(TASK TO CARRY OUT) Look below for the line containing "#9032 = FACE_OUTER_BOUND"; from there, print each line exactly up to and including the line containing "#10593 = ORIENTED_EDGE", and stop.

Records from a data source:
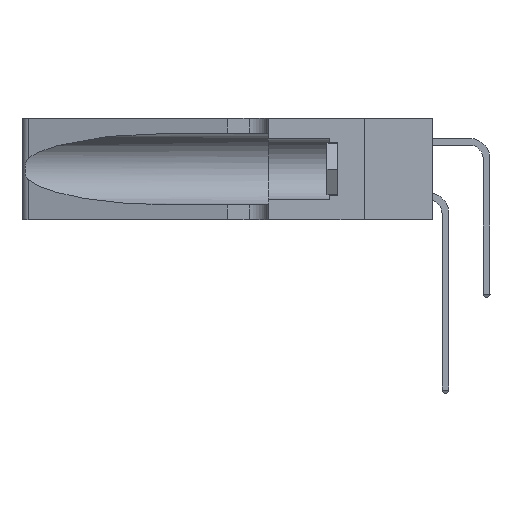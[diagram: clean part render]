
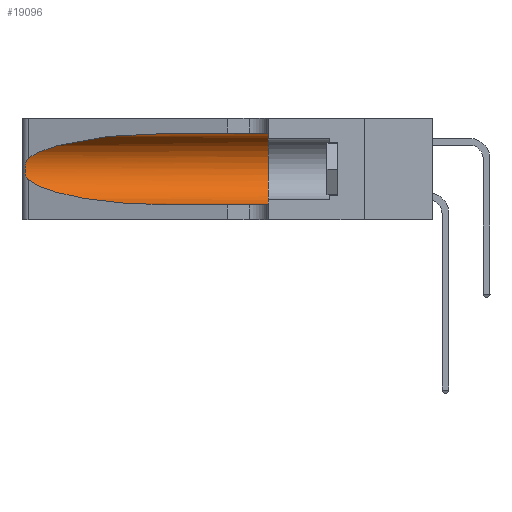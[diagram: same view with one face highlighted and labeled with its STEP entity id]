
A CAD part, left-side view. The second image highlights one B-rep face of the part: STEP entity #19096.
In plain terms, the highlighted cylindrical face has radius 3.308 mm (diameter 6.617 mm), a partial arc.
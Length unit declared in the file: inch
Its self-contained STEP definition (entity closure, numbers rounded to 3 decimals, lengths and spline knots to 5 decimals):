
#11 = CARTESIAN_POINT ( 'NONE',  ( 0.25487, 1.22718, 0.14631 ) ) ;
#1894 = EDGE_CURVE ( 'NONE', #28662, #5215, #1895, .T. ) ;
#1895 = B_SPLINE_CURVE_WITH_KNOTS ( 'NONE', 3,
 ( #2701, #27859, #36118, #22410, #5583, #25191, #8433, #27978, #11242, #30755, #14082, #33505, #16903, #11 ),
 .UNSPECIFIED., .F., .F.,
 ( 4, 2, 2, 2, 2, 2, 4 ),
 ( 0., 0.00027, 0.00053, 0.00107, 0.0016, 0.00187, 0.00214 ),
 .UNSPECIFIED. ) ;
#2054 = CARTESIAN_POINT ( 'NONE',  ( 0.1305, 0.72297, 0.31525 ) ) ;
#2289 = EDGE_LOOP ( 'NONE', ( #14470, #8387, #17417, #11195, #10593, #34879 ) ) ;
#2514 = CARTESIAN_POINT ( 'NONE',  ( 0.1305, 0.72297, 0.31525 ) ) ;
#2701 = CARTESIAN_POINT ( 'NONE',  ( 0.25487, 1.22718, 0.22369 ) ) ;
#2991 = DIRECTION ( 'NONE',  ( 0., -1., 0. ) ) ;
#3032 =( BOUNDED_CURVE ( )  B_SPLINE_CURVE ( 3, ( #2514, #33209, #8244, #27798 ),
 .UNSPECIFIED., .F., .T. ) 
 B_SPLINE_CURVE_WITH_KNOTS ( ( 4, 4 ),
 ( 1.5708, 2.84003 ),
 .UNSPECIFIED. ) 
 CURVE ( )  GEOMETRIC_REPRESENTATION_ITEM ( )  RATIONAL_B_SPLINE_CURVE ( ( 1., 0.87, 0.87, 1. ) ) 
 REPRESENTATION_ITEM ( '' )  );
#4461 = DIRECTION ( 'NONE',  ( 0., -1., 0. ) ) ;
#4565 = LINE ( 'NONE', #8420, #33372 ) ;
#5215 = VERTEX_POINT ( 'NONE', #21127 ) ;
#5583 = CARTESIAN_POINT ( 'NONE',  ( 0.25854, 1.2359, 0.20912 ) ) ;
#6075 = CARTESIAN_POINT ( 'NONE',  ( 0.1305, 0.35, 0.05475 ) ) ;
#6531 = EDGE_CURVE ( 'NONE', #22091, #9929, #13579, .T. ) ;
#8244 = CARTESIAN_POINT ( 'NONE',  ( 0.2373, 1.15595, 0.28018 ) ) ;
#8337 = CARTESIAN_POINT ( 'NONE',  ( 0.1305, 0.72297, 0.05475 ) ) ;
#8387 = ORIENTED_EDGE ( 'NONE', *, *, #1894, .T. ) ;
#8420 = CARTESIAN_POINT ( 'NONE',  ( 0.1305, 1.61858, 0.05475 ) ) ;
#8433 = CARTESIAN_POINT ( 'NONE',  ( 0.26075, 1.23896, 0.19203 ) ) ;
#8707 = CARTESIAN_POINT ( 'NONE',  ( 0.1305, 1.61858, 0.185 ) ) ;
#9024 = DIRECTION ( 'NONE',  ( 0., 1., 0. ) ) ;
#9032 = FACE_OUTER_BOUND ( 'NONE', #2289, .T. ) ;
#9929 = VERTEX_POINT ( 'NONE', #34257 ) ;
#10148 = CARTESIAN_POINT ( 'NONE',  ( 0.1305, 1.61858, 0.31525 ) ) ;
#10593 = ORIENTED_EDGE ( 'NONE', *, *, #32747, .F. ) ;
#11195 = ORIENTED_EDGE ( 'NONE', *, *, #19666, .T. ) ;
#11242 = CARTESIAN_POINT ( 'NONE',  ( 0.26017, 1.23833, 0.17102 ) ) ;
#12698 = VECTOR ( 'NONE', #4461, 39.37008 ) ;
#13579 = LINE ( 'NONE', #10148, #12698 ) ;
#14082 = CARTESIAN_POINT ( 'NONE',  ( 0.25789, 1.23486, 0.15765 ) ) ;
#14470 = ORIENTED_EDGE ( 'NONE', *, *, #23015, .T. ) ;
#16726 = CARTESIAN_POINT ( 'NONE',  ( 0.2373, 1.15595, 0.08982 ) ) ;
#16903 = CARTESIAN_POINT ( 'NONE',  ( 0.25555, 1.22993, 0.14849 ) ) ;
#17417 = ORIENTED_EDGE ( 'NONE', *, *, #36093, .T. ) ;
#17922 =( BOUNDED_CURVE ( )  B_SPLINE_CURVE ( 3, ( #33328, #16726, #36053, #19549 ),
 .UNSPECIFIED., .F., .T. ) 
 B_SPLINE_CURVE_WITH_KNOTS ( ( 4, 4 ),
 ( 3.44316, 4.71239 ),
 .UNSPECIFIED. ) 
 CURVE ( )  GEOMETRIC_REPRESENTATION_ITEM ( )  RATIONAL_B_SPLINE_CURVE ( ( 1., 0.87, 0.87, 1. ) ) 
 REPRESENTATION_ITEM ( '' )  );
#19096 = ADVANCED_FACE ( 'NONE', ( #9032 ), #23927, .F. ) ;
#19549 = CARTESIAN_POINT ( 'NONE',  ( 0.1305, 0.72297, 0.05475 ) ) ;
#19666 = EDGE_CURVE ( 'NONE', #23626, #21683, #4565, .T. ) ;
#21127 = CARTESIAN_POINT ( 'NONE',  ( 0.25487, 1.22718, 0.14631 ) ) ;
#21683 = VERTEX_POINT ( 'NONE', #6075 ) ;
#22091 = VERTEX_POINT ( 'NONE', #2054 ) ;
#22410 = CARTESIAN_POINT ( 'NONE',  ( 0.25787, 1.23484, 0.2124 ) ) ;
#23015 = EDGE_CURVE ( 'NONE', #22091, #28662, #3032, .T. ) ;
#23626 = VERTEX_POINT ( 'NONE', #8337 ) ;
#23927 = CYLINDRICAL_SURFACE ( 'NONE', #28304, 0.13025 ) ;
#25191 = CARTESIAN_POINT ( 'NONE',  ( 0.26018, 1.23835, 0.19895 ) ) ;
#25777 = CARTESIAN_POINT ( 'NONE',  ( 0.1305, 0.35, 0.185 ) ) ;
#27203 = AXIS2_PLACEMENT_3D ( 'NONE', #25777, #9024, #28558 ) ;
#27556 = CARTESIAN_POINT ( 'NONE',  ( 0.25487, 1.22718, 0.22369 ) ) ;
#27798 = CARTESIAN_POINT ( 'NONE',  ( 0.25487, 1.22718, 0.22369 ) ) ;
#27859 = CARTESIAN_POINT ( 'NONE',  ( 0.25555, 1.22994, 0.2215 ) ) ;
#27978 = CARTESIAN_POINT ( 'NONE',  ( 0.26075, 1.23896, 0.178 ) ) ;
#28090 = DIRECTION ( 'NONE',  ( 0., -1., 0. ) ) ;
#28192 = CIRCLE ( 'NONE', #27203, 0.13025 ) ;
#28253 = DIRECTION ( 'NONE',  ( 0., 0., -1. ) ) ;
#28304 = AXIS2_PLACEMENT_3D ( 'NONE', #8707, #2991, #28253 ) ;
#28558 = DIRECTION ( 'NONE',  ( 0., 0., 1. ) ) ;
#28662 = VERTEX_POINT ( 'NONE', #27556 ) ;
#30755 = CARTESIAN_POINT ( 'NONE',  ( 0.25856, 1.23593, 0.16098 ) ) ;
#32747 = EDGE_CURVE ( 'NONE', #9929, #21683, #28192, .T. ) ;
#33209 = CARTESIAN_POINT ( 'NONE',  ( 0.18966, 0.96281, 0.31525 ) ) ;
#33328 = CARTESIAN_POINT ( 'NONE',  ( 0.25487, 1.22718, 0.14631 ) ) ;
#33372 = VECTOR ( 'NONE', #28090, 39.37008 ) ;
#33505 = CARTESIAN_POINT ( 'NONE',  ( 0.25639, 1.23186, 0.15144 ) ) ;
#34257 = CARTESIAN_POINT ( 'NONE',  ( 0.1305, 0.35, 0.31525 ) ) ;
#34879 = ORIENTED_EDGE ( 'NONE', *, *, #6531, .F. ) ;
#36053 = CARTESIAN_POINT ( 'NONE',  ( 0.18966, 0.96281, 0.05475 ) ) ;
#36093 = EDGE_CURVE ( 'NONE', #5215, #23626, #17922, .T. ) ;
#36118 = CARTESIAN_POINT ( 'NONE',  ( 0.25639, 1.23184, 0.21858 ) ) ;

(ANSWER TO THE PROBLEM)
#9032 = FACE_OUTER_BOUND ( 'NONE', #2289, .T. ) ;
#9929 = VERTEX_POINT ( 'NONE', #34257 ) ;
#10148 = CARTESIAN_POINT ( 'NONE',  ( 0.1305, 1.61858, 0.31525 ) ) ;
#10593 = ORIENTED_EDGE ( 'NONE', *, *, #32747, .F. ) ;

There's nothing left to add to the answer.